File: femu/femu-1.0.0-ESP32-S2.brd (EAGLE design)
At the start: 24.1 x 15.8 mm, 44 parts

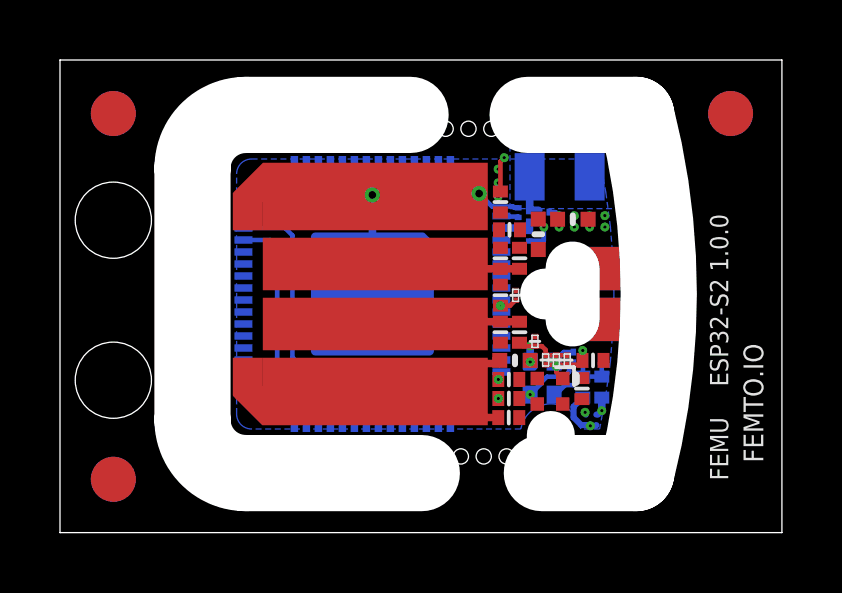
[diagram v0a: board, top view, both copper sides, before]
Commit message: Adding current work on FEMU v1.0.3, which includes microvia adjustments
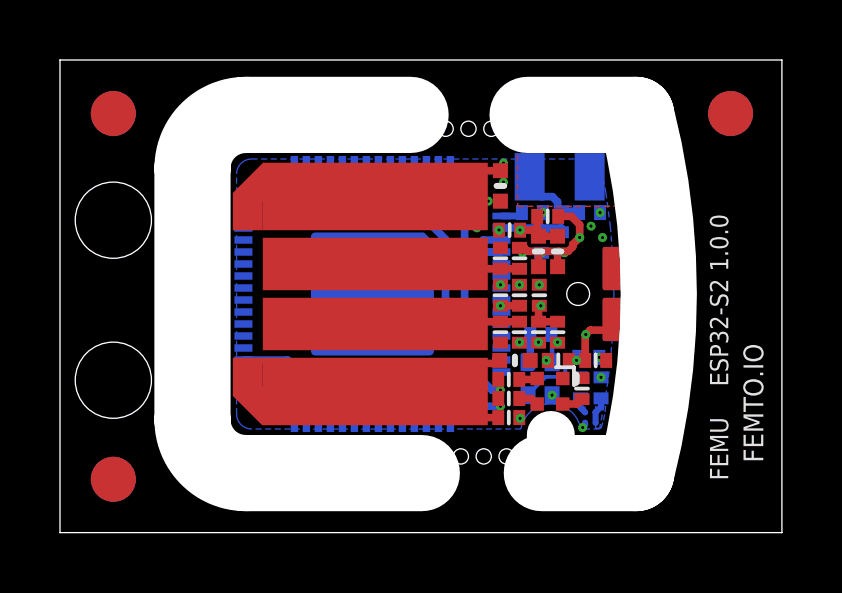
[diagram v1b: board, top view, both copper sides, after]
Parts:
- added FB2: (no value), microbuilder:_0402MP
- C12, C13, C16, C17, C19, C22, C4, C5, C8, C9, L2: device parts_01005:01005 -> parts_0201:PART
- moved C12 4.19 mm to (16.3, 10.5), turned to 180 degrees
- moved C18 3.37 mm to (16.0, 7.91)
- moved C9 1.51 mm to (17.7, 10.7)
- moved U$6 1.40 mm to (19.3, 7.95)
- moved C5 1.37 mm to (16.0, 6.60), turned to 180 degrees
- moved C11 1.19 mm to (16.6, 9.37), turned to 90 degrees
- moved C17 1.10 mm to (16.0, 6.68)
- moved C8 1.08 mm to (16.7, 10.4)
- moved C19 1.01 mm to (16.6, 6.68)
- moved C3 0.71 mm to (17.3, 4.83)
- moved C2 0.61 mm to (18.0, 4.83)
- moved C10 0.57 mm to (16.0, 9.37)
- moved C13 0.48 mm to (15.7, 10.7), turned to 0 degrees
- moved L2 0.45 mm to (16.1, 9.68)
- moved C4 0.40 mm to (17.6, 5.84)
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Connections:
- new net N$1: FB2.1, U$37.1/GND
- net GND: now also FB2.2; no longer U$37.1/GND
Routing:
- net 3.3V: track 28.1 -> 62.2 mm, vias 11 -> 16
- net GND: track 40.3 -> 7.05 mm, vias 19 -> 33
- net XIN: track 19.4 -> 2.35 mm, vias 4 -> 0
- net G: track 13.1 -> 0.00 mm, vias 3 -> 0
- net B: track 13.0 -> 0.00 mm, vias 3 -> 0
- net XOUT: track 10.4 -> 0.96 mm, vias 4 -> 0
- net N$13: track 0.00 -> 5.80 mm, vias 0 -> 3
- net N$1: track 0.00 -> 4.53 mm
- net VIN: track 4.80 -> 0.89 mm, vias 3 -> 0
- net N$5: track 8.36 -> 6.67 mm
- net N$6: track 1.60 -> 2.41 mm
- net ANT: track 1.48 -> 2.27 mm
- net R_: track 0.00 -> 0.71 mm
- net G_: track 0.00 -> 0.67 mm
- net B_: track 0.00 -> 0.61 mm
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- added copper zone on layer 16, net 3.3V
- added copper zone on layer 1, net GND
- added copper zone on layer 2, net GND
- added copper zone on layer 16, net VIN
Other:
- outline, holes or cut-outs redrawn

- **Task to carry out**: From the first line to the last, repeat the entries exactly and leave out the pictures.

- **Exercise output**:
File: femu/femu-1.0.0-ESP32-S2.brd (EAGLE design)
At the start: 24.1 x 15.8 mm, 44 parts

[diagram v0a: board, top view, both copper sides, before]
Commit message: Adding current work on FEMU v1.0.3, which includes microvia adjustments
[diagram v1b: board, top view, both copper sides, after]
Parts:
- added FB2: (no value), microbuilder:_0402MP
- C12, C13, C16, C17, C19, C22, C4, C5, C8, C9, L2: device parts_01005:01005 -> parts_0201:PART
- moved C12 4.19 mm to (16.3, 10.5), turned to 180 degrees
- moved C18 3.37 mm to (16.0, 7.91)
- moved C9 1.51 mm to (17.7, 10.7)
- moved U$6 1.40 mm to (19.3, 7.95)
- moved C5 1.37 mm to (16.0, 6.60), turned to 180 degrees
- moved C11 1.19 mm to (16.6, 9.37), turned to 90 degrees
- moved C17 1.10 mm to (16.0, 6.68)
- moved C8 1.08 mm to (16.7, 10.4)
- moved C19 1.01 mm to (16.6, 6.68)
- moved C3 0.71 mm to (17.3, 4.83)
- moved C2 0.61 mm to (18.0, 4.83)
- moved C10 0.57 mm to (16.0, 9.37)
- moved C13 0.48 mm to (15.7, 10.7), turned to 0 degrees
- moved L2 0.45 mm to (16.1, 9.68)
- moved C4 0.40 mm to (17.6, 5.84)
Connections:
- new net N$1: FB2.1, U$37.1/GND
- net GND: now also FB2.2; no longer U$37.1/GND
Routing:
- net 3.3V: track 28.1 -> 62.2 mm, vias 11 -> 16
- net GND: track 40.3 -> 7.05 mm, vias 19 -> 33
- net XIN: track 19.4 -> 2.35 mm, vias 4 -> 0
- net G: track 13.1 -> 0.00 mm, vias 3 -> 0
- net B: track 13.0 -> 0.00 mm, vias 3 -> 0
- net XOUT: track 10.4 -> 0.96 mm, vias 4 -> 0
- net N$13: track 0.00 -> 5.80 mm, vias 0 -> 3
- net N$1: track 0.00 -> 4.53 mm
- net VIN: track 4.80 -> 0.89 mm, vias 3 -> 0
- net N$5: track 8.36 -> 6.67 mm
- net N$6: track 1.60 -> 2.41 mm
- net ANT: track 1.48 -> 2.27 mm
- net R_: track 0.00 -> 0.71 mm
- net G_: track 0.00 -> 0.67 mm
- net B_: track 0.00 -> 0.61 mm
- added copper zone on layer 16, net 3.3V
- added copper zone on layer 1, net GND
- added copper zone on layer 2, net GND
- added copper zone on layer 16, net VIN
Other:
- outline, holes or cut-outs redrawn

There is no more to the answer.